Comment tout cela fonctionne t-il ? Le système d’information, qui est construit autour des relais communautaires, permet de décharger les professionnels de santé de certaines tâches. « Des agents sont chargés d’assurer la prise en charge de premier niveau dans les villages », a précisé Eunice Pedro. « Ces relais ont été formés pour la prise en charge des maladies prioritaires comme le paludisme ou la diarrhée. Ils utilisent une application qui leur permet de faire de la prise en charge directe, d’enregistrer les données du patient sur leurs téléphones ou leurs tablettes. Et si la prise en charge n’est pas faisable, ils facilitent le transfert vers le centre de santé le plus proche du village ».
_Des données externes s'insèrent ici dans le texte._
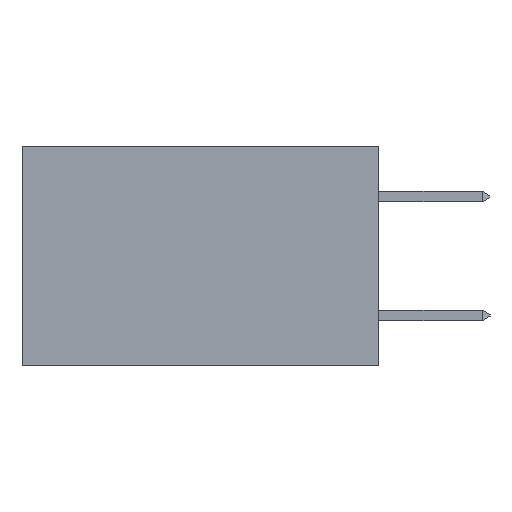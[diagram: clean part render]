
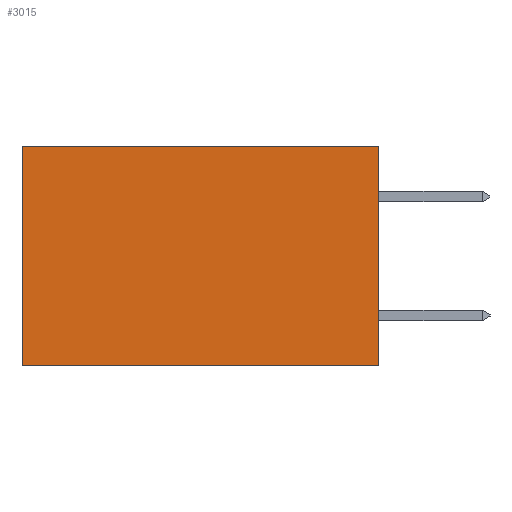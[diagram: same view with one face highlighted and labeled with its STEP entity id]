
A CAD part, left-side view. The second image highlights one B-rep face of the part: STEP entity #3015.
In plain terms, the highlighted planar face has unit normal (-1, 0, 0).
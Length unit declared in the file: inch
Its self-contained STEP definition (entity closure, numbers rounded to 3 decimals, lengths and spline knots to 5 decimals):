
#626 = CARTESIAN_POINT ( 'NONE',  ( 0.2615, 0., 0. ) ) ;
#641 = DIRECTION ( 'NONE',  ( 0., 1., 0. ) ) ;
#1102 = CARTESIAN_POINT ( 'NONE',  ( 0.2615, 0., 0. ) ) ;
#1138 = VECTOR ( 'NONE', #641, 39.37008 ) ;
#1403 = CARTESIAN_POINT ( 'NONE',  ( 0.2615, 0.6, -0.37 ) ) ;
#1766 = DIRECTION ( 'NONE',  ( 0., 0., -1. ) ) ;
#1871 = DIRECTION ( 'NONE',  ( 1., 0., 0. ) ) ;
#2405 = CARTESIAN_POINT ( 'NONE',  ( 0.2615, 0., -0.37 ) ) ;
#2683 = VERTEX_POINT ( 'NONE', #1102 ) ;
#3015 = ADVANCED_FACE ( 'NONE', ( #11480 ), #3776, .F. ) ;
#3096 = LINE ( 'NONE', #7865, #8986 ) ;
#3766 = CARTESIAN_POINT ( 'NONE',  ( 0.2615, 0., -0.37 ) ) ;
#3776 = PLANE ( 'NONE',  #13381 ) ;
#4493 = LINE ( 'NONE', #626, #1138 ) ;
#5713 = VERTEX_POINT ( 'NONE', #13552 ) ;
#6135 = VECTOR ( 'NONE', #9555, 39.37008 ) ;
#7337 = VERTEX_POINT ( 'NONE', #1403 ) ;
#7423 = EDGE_CURVE ( 'NONE', #2683, #5713, #4493, .T. ) ;
#7604 = EDGE_LOOP ( 'NONE', ( #8952, #9051, #9078, #13224 ) ) ;
#7779 = DIRECTION ( 'NONE',  ( 0., 1., 0. ) ) ;
#7865 = CARTESIAN_POINT ( 'NONE',  ( 0.2615, 0., -0.37 ) ) ;
#8158 = VECTOR ( 'NONE', #12932, 39.37008 ) ;
#8952 = ORIENTED_EDGE ( 'NONE', *, *, #12096, .T. ) ;
#8982 = EDGE_CURVE ( 'NONE', #13023, #7337, #3096, .T. ) ;
#8986 = VECTOR ( 'NONE', #7779, 39.37008 ) ;
#9051 = ORIENTED_EDGE ( 'NONE', *, *, #8982, .F. ) ;
#9078 = ORIENTED_EDGE ( 'NONE', *, *, #13708, .F. ) ;
#9555 = DIRECTION ( 'NONE',  ( 0., 0., -1. ) ) ;
#9581 = LINE ( 'NONE', #11395, #6135 ) ;
#11113 = LINE ( 'NONE', #11521, #8158 ) ;
#11395 = CARTESIAN_POINT ( 'NONE',  ( 0.2615, 0., -0.37 ) ) ;
#11480 = FACE_OUTER_BOUND ( 'NONE', #7604, .T. ) ;
#11521 = CARTESIAN_POINT ( 'NONE',  ( 0.2615, 0.6, -0.37 ) ) ;
#12096 = EDGE_CURVE ( 'NONE', #5713, #7337, #11113, .T. ) ;
#12932 = DIRECTION ( 'NONE',  ( 0., 0., -1. ) ) ;
#13023 = VERTEX_POINT ( 'NONE', #3766 ) ;
#13224 = ORIENTED_EDGE ( 'NONE', *, *, #7423, .T. ) ;
#13381 = AXIS2_PLACEMENT_3D ( 'NONE', #2405, #1871, #1766 ) ;
#13552 = CARTESIAN_POINT ( 'NONE',  ( 0.2615, 0.6, 0. ) ) ;
#13708 = EDGE_CURVE ( 'NONE', #2683, #13023, #9581, .T. ) ;

Télémédecine et téléexpertise

 Les informations transitent du « centre de santé communal » qui en réfère ensuite à « l’hôpital de zone », qui va lui-même en référer à « l’hôpital départemental puis national ». Bref, « l’ensemble des informations récoltées au niveau communautaire sont agrégées puis remontées vers le système d’information sanitaire national », a résumé Eunice Pedro.
 
Enfin, le Bénin s’est lancé dans l’aventure de la télémédecine. Tout d’abord avec l’aide de l’Inde, puis en coopération avec la France qui a permis la mise en œuvre, dans dix hôpitaux, de la téléradiologie, de la télécardiologie et de la téléhémato-cytologie. Un partenariat a également été noué avec la Chine pour faire de la téléexpertise. « Dernièrement, nous avons même fait une intervention chirurgicale à distance avec une province chinoise. Les équipes chinoises nous ont assisté pour une intervention qui a réussi », s’est félicitée Eunice Pedro.

La France à la traîne

Et la France dans tout ça ? Elle a investi 210 millions d’euros dans le DMP (Dossier médical partagé) – certaines estimations montent à 500 millions, voire un milliard – pour un résultat qui n’est « toujours pas à la hauteur », a déploré Lionel Buannic, le journaliste qui animait la conférence. 
 
Directeur général de la clinique Pasteur et collaborateur d’Agnès Buzyn (en tant que responsable stratégique de la transformation numérique en santé), Dominique Pon critique aussi vivement la politique de la France en matière de santé numérique depuis plus d’une dizaine d’années :
 
« Nous sommes foisonnants d’initiatives mais les systèmes sont très peu interopérables. Il y a de vraies ruptures dans les parcours de soins parce que les logiciels ne communiquent pas bien entre eux. Et surtout, il n’y a pas de service numérique de santé référencé et propre, ce qui n’est pas digne de notre pays ».

Logique de plateforme

Pour Dominique Pon, le numérique ne pourra se développer en France que « de manière humaniste, c'est-à-dire proche des gens, des citoyens, des professionnels de santé, collé aux usages de santé, avec un vrai cadre éthique derrière. Mais aussi avec une vision commune ».
 
Il faudra aussi régler le souci de la gouvernance. « Nous devons définir une doctrine, un cadre technique, un schéma d’urbanisation, il faut arbitrer sur ces plans-là », a plaidé Dominique Pon. « Nous avons besoin d’une logique dans laquelle tout le monde pourra s’inscrire. Cette logique doit être portée par les pouvoirs publics qui doivent rester à leur juste place, c’est-à-dire dans une logique d’État-plateforme. L’État ne doit pas tout faire, mais garantir une cohérence et un socle de valeurs. »

Humanisme numérique

Enfin, la France doit trouver sa juste place, son identité numérique dans le secteur de l’e-santé. Une identité qui devrait se rapprocher d’un « humanisme numérique », pour Dominique Pon qui a conclu :
 
« En France, c’est l’humanisme qui compte, et cet humanisme doit être au service du numérique. Je ne pense pas que l’on sera aussi fort que les Américains ou les Chinois en matière de big data et d’IA, mais il y a peut-être une place pour notre pays. On pourrait être des sortes de petits colibris façon Pierre Rabhi, 3.0. On ferait notre petite part mais avec un certain engagement ».